As a quick rule of thumb, whenever people are being advised never to look at
patents, as they are in software, that's when those patents do more harm than
good.

------
bmir-alum-007
OpenCV is an awesome Swiss-army steam-shovel (thank you Willow Garage!)

In the 90's, there was Kai's Power Goo (now owned by Corel) and probably
something similar used by Conan O'Brien's art dept. to produce the "If They
Mated" segments. It's such a shame tools owned by big companies are
effectively locked away from ever being marketed again by asserting IP rights.

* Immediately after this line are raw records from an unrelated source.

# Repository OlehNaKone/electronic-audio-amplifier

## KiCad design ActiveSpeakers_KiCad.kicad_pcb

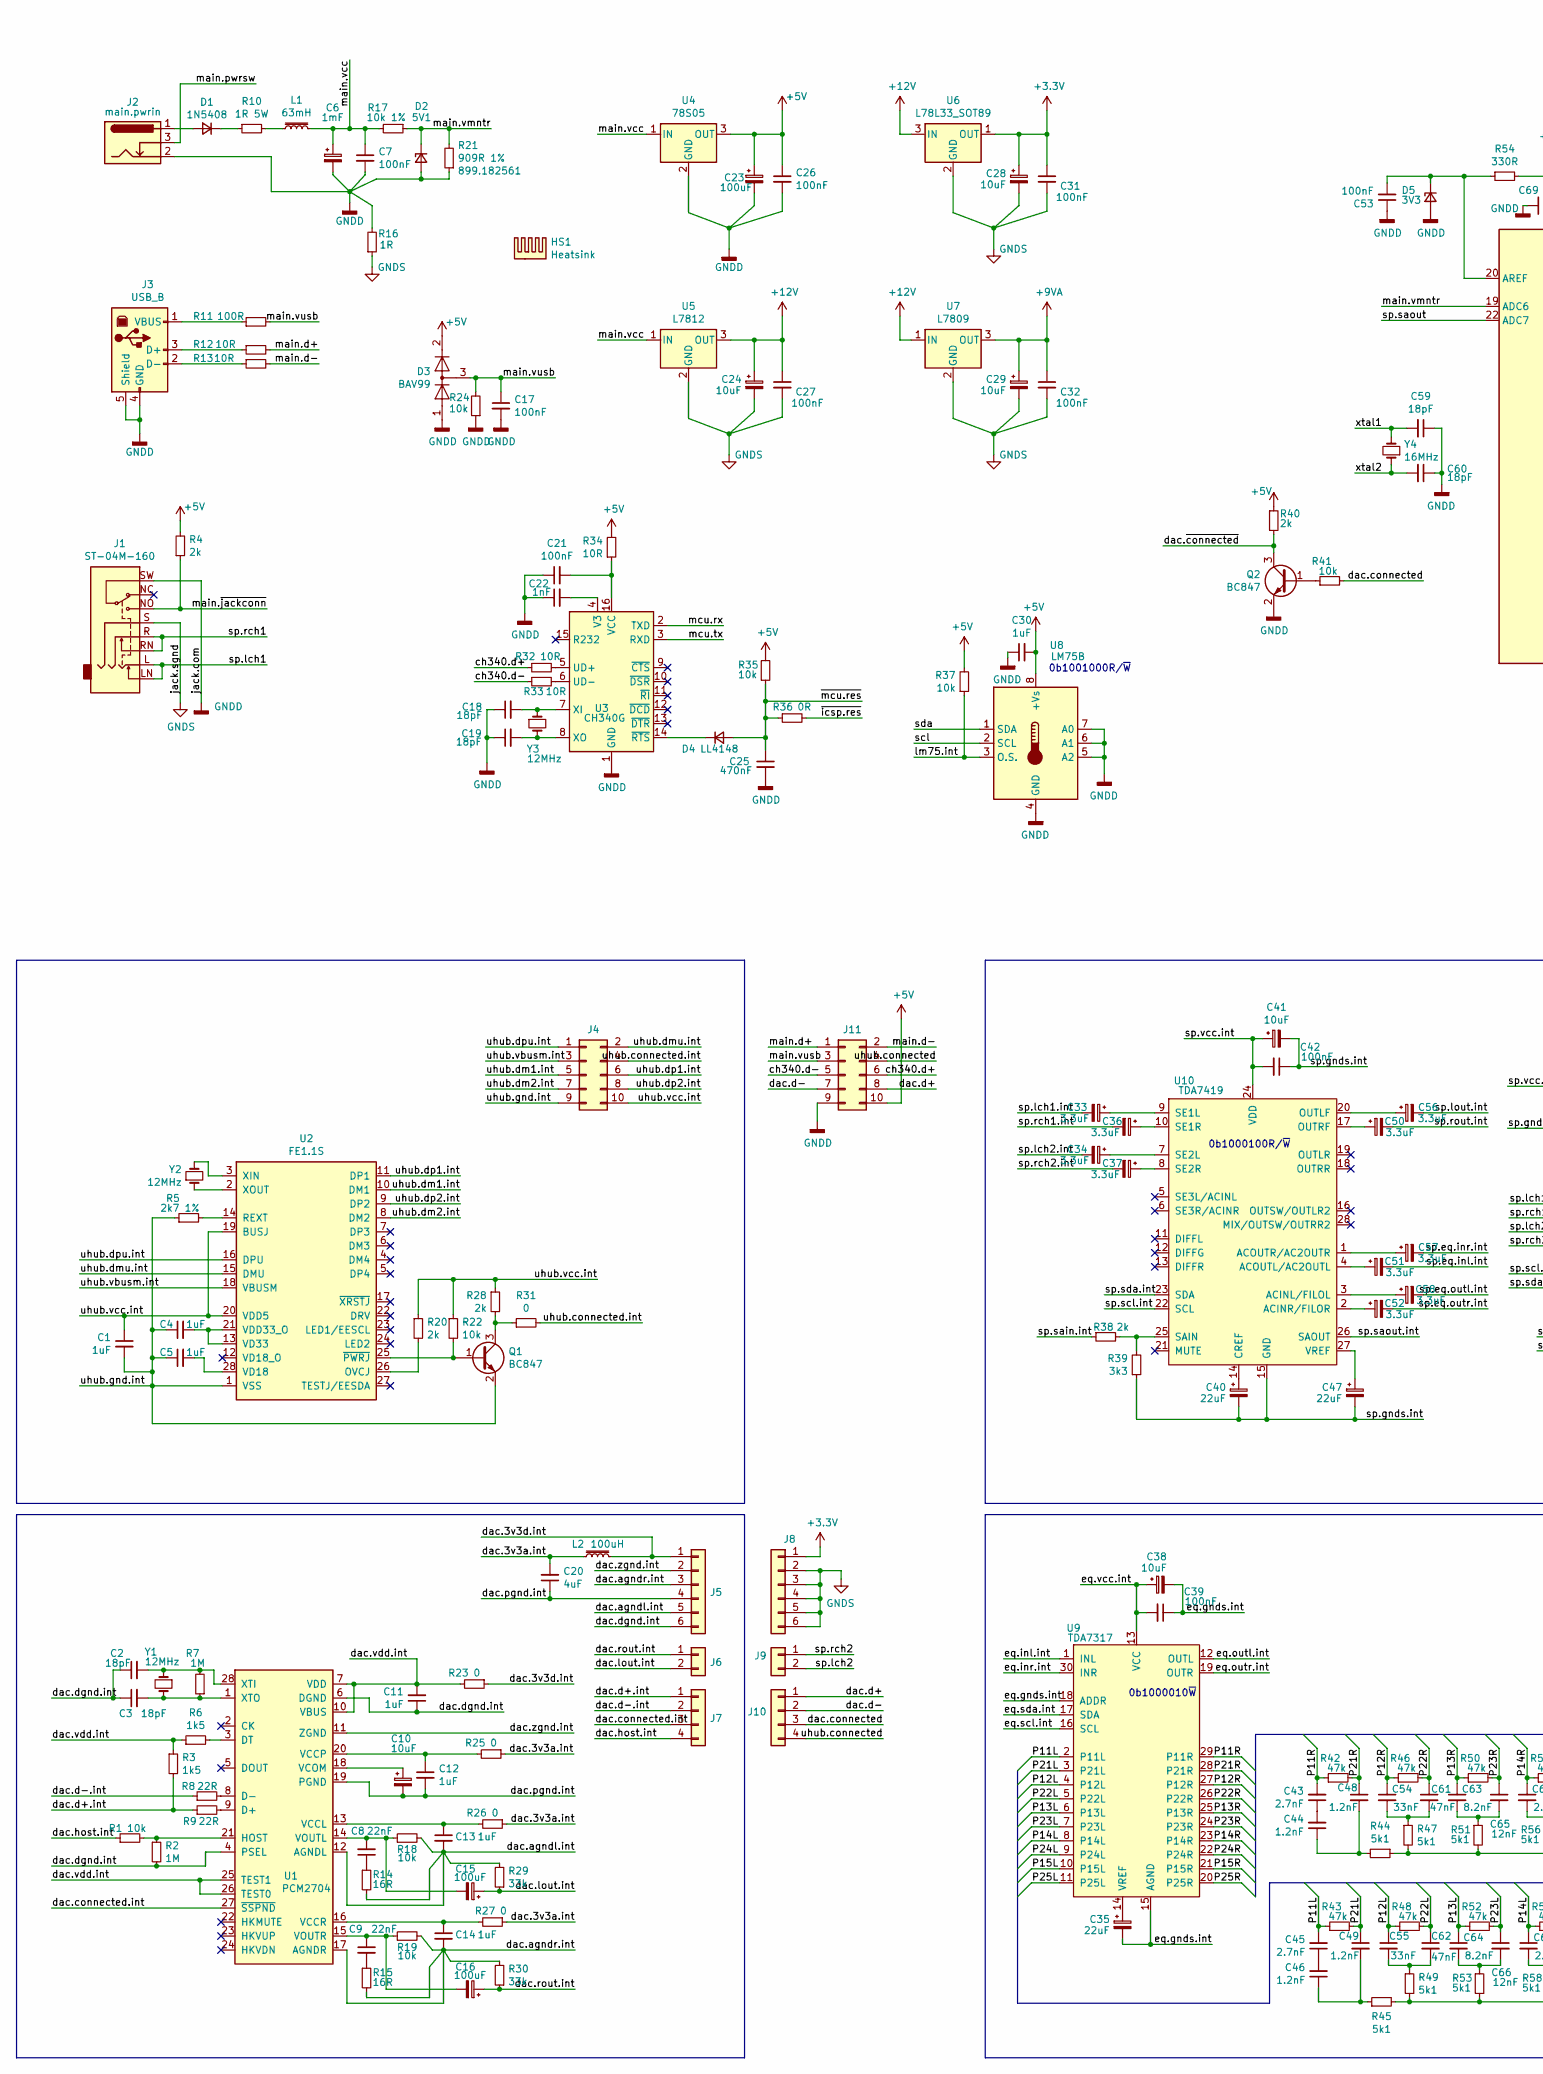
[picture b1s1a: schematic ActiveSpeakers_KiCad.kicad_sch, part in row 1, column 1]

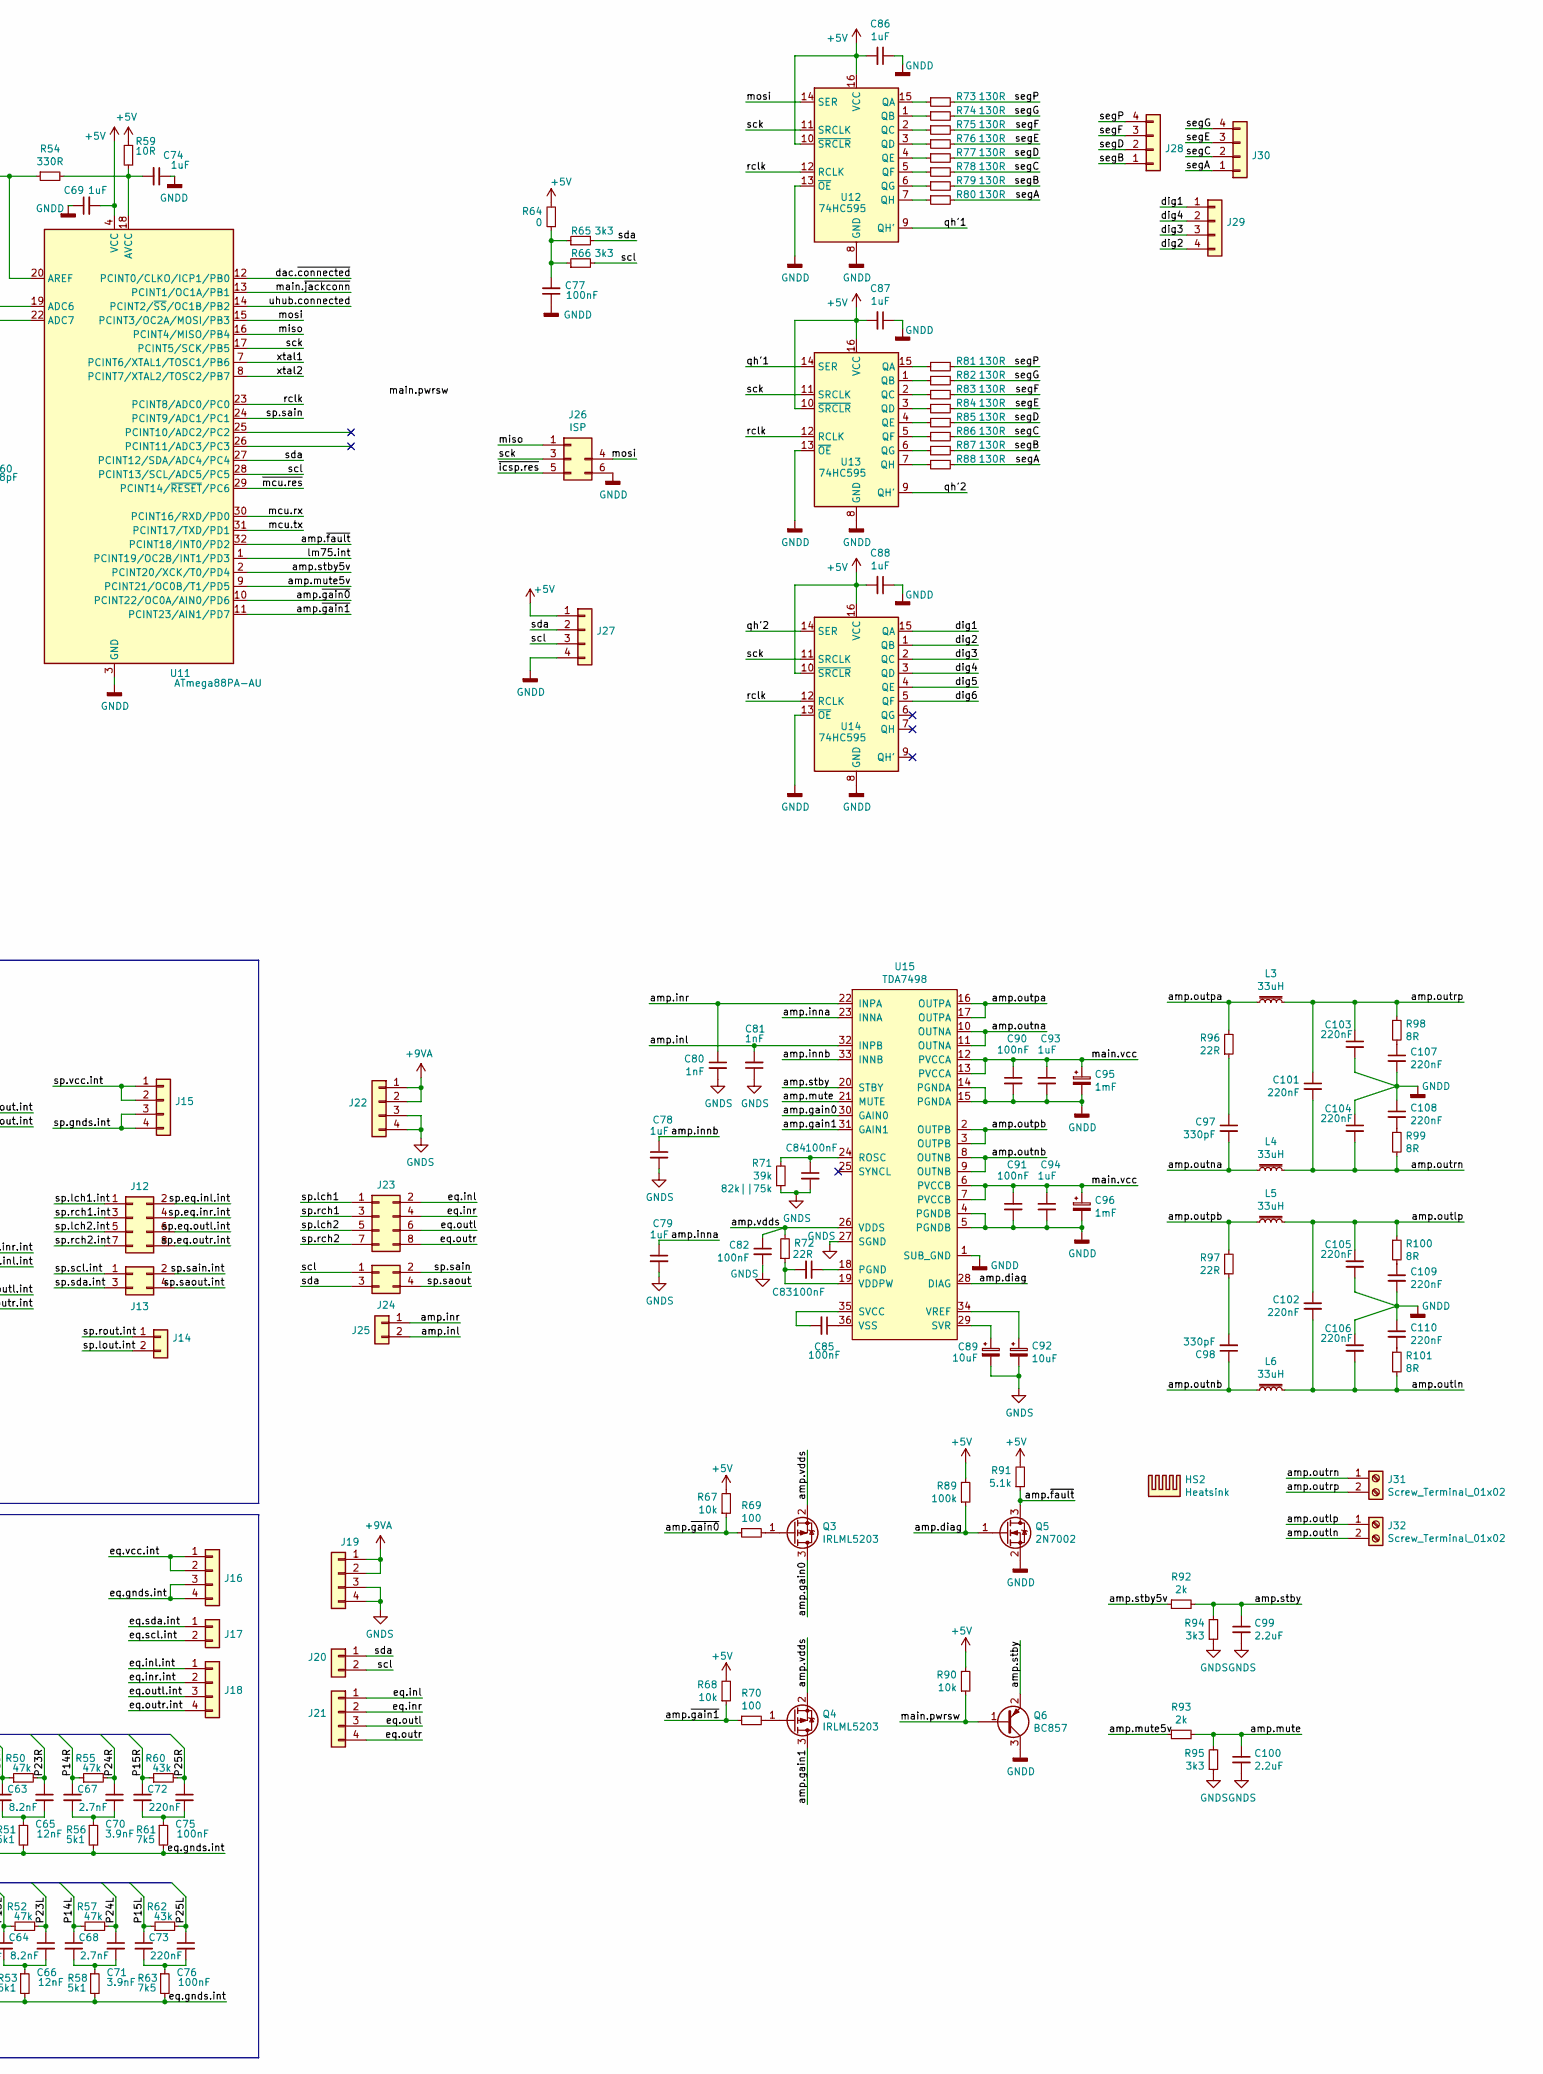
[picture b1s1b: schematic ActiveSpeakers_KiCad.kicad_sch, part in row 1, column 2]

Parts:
C1, C11, C12, C13, C14, C30, C69, C74, C86, C87, C88, C93, C94: 1uF; C_1206_3216Metric_Pad1.42x1.75mm_HandSolder
C2, C3, C18, C19, C59, C60: 18pF; C_0805_2012Metric_Pad1.15x1.40mm_HandSolder
C4, C5: 1uF; C_0805_2012Metric_Pad1.15x1.40mm_HandSolder
C6, C95, C96: 1mF; CP_Radial_D12.5mm_P5.00mm
C7, C39, C42, C75, C76: 100nF; C_Rect_L7.2mm_W2.5mm_P5.00mm_FKS2_FKP2_MKS2_MKP2
C8, C9: 22nF; C_Rect_Flat_L7.2mm_W2.5mm_P5.00mm_FKS2_FKP2_MKS2_MKP2
C10: 10uF; CP_Radial_D4.0mm_P2.00mm
C15, C16, C23: 100uF; CP_Radial_D6.3mm_P2.50mm
C17, C21, C26, C27, C31, C32, C53, C77, C83, C90, C91: 100nF; C_1206_3216Metric_Pad1.42x1.75mm_HandSolder
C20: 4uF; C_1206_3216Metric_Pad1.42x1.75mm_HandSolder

I really think intellectual property needs a principle similar to adverse
possession [0]; that is, if it's not being actively used in a meaningful,
sustained venture, another shop can reboot it. (Giving capitalism the right to
fork.) Btw, I'm not the first, nor the last, to conceive of this. [1]

0\.
[https://en.wikipedia.org/wiki/Adverse_possession](https://en.wikipedia.org/wiki/Adverse_possession)

1\.
[http://jolt.law.harvard.edu/articles/pdf/v16/16HarvJLTech327...](http://jolt.law.harvard.edu/articles/pdf/v16/16HarvJLTech327.pdf)

------
mahouse
And it had to be fucking Miliband?!

Well that said:
[https://www.reddit.com/r/gentlemangabers](https://www.reddit.com/r/gentlemangabers)

(Before you go dig up the actual source code: it just uses a web service to
get the coordinates of the faces)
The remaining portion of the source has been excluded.